---- Source material

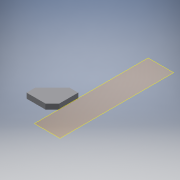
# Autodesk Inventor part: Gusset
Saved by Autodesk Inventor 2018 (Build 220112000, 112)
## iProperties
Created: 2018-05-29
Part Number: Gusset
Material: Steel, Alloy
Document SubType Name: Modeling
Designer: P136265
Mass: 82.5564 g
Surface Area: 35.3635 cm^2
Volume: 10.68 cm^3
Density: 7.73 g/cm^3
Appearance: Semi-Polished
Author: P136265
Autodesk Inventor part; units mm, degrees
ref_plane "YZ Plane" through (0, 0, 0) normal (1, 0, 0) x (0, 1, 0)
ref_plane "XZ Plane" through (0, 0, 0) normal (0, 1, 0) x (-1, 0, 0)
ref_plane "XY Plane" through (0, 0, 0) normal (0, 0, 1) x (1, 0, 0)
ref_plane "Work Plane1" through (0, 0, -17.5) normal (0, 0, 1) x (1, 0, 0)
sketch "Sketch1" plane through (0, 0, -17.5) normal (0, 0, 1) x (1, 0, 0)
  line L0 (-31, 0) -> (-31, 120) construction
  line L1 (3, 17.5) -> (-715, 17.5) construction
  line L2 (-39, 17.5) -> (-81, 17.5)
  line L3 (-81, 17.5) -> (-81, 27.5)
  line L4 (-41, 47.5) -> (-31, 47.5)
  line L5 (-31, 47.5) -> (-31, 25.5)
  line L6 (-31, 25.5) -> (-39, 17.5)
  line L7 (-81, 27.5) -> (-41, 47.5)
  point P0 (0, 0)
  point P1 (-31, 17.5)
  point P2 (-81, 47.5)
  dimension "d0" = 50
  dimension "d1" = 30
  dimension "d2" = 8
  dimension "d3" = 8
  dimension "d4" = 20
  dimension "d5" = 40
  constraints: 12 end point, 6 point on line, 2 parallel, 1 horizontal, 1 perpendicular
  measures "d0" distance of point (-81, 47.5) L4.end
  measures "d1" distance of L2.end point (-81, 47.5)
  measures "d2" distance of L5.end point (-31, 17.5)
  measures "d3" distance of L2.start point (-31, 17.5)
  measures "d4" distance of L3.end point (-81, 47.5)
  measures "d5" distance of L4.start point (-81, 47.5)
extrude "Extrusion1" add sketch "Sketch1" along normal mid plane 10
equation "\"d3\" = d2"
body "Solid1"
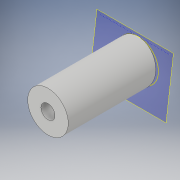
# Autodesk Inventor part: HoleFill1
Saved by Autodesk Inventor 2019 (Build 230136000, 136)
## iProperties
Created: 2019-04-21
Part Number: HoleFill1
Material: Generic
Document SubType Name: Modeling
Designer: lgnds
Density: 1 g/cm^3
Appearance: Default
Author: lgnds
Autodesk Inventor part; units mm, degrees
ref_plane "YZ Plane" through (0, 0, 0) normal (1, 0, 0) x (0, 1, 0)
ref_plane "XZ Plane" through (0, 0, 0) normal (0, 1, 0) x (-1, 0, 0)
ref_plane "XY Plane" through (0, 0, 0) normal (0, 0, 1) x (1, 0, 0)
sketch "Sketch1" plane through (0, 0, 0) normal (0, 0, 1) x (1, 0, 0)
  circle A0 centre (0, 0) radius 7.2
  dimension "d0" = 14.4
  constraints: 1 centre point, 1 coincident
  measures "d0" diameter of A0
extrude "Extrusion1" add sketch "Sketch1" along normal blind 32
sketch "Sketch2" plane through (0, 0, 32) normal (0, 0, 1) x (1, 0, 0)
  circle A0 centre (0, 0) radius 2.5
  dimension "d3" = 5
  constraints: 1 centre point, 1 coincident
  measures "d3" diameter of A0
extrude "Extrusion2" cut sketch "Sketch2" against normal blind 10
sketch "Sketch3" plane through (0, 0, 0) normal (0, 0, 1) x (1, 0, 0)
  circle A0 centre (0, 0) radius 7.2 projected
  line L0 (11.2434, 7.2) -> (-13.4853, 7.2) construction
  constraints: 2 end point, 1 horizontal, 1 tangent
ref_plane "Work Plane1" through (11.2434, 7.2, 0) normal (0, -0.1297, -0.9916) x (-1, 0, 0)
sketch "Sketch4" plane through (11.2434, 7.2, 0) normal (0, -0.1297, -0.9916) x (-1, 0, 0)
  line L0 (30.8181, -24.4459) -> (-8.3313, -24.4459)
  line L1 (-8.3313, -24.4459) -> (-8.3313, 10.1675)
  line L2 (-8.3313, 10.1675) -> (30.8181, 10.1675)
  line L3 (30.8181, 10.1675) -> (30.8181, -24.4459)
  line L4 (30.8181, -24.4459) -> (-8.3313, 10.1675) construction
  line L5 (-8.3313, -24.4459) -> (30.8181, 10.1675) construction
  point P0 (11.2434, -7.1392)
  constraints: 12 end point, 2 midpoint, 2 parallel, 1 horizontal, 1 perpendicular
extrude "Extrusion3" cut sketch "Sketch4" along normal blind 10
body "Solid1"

--------

◆ **Problem**
Search the records for the word "diameter". Copy every line that has it.

◆ **Output of the exercise**
  measures "d0" diameter of A0
  measures "d3" diameter of A0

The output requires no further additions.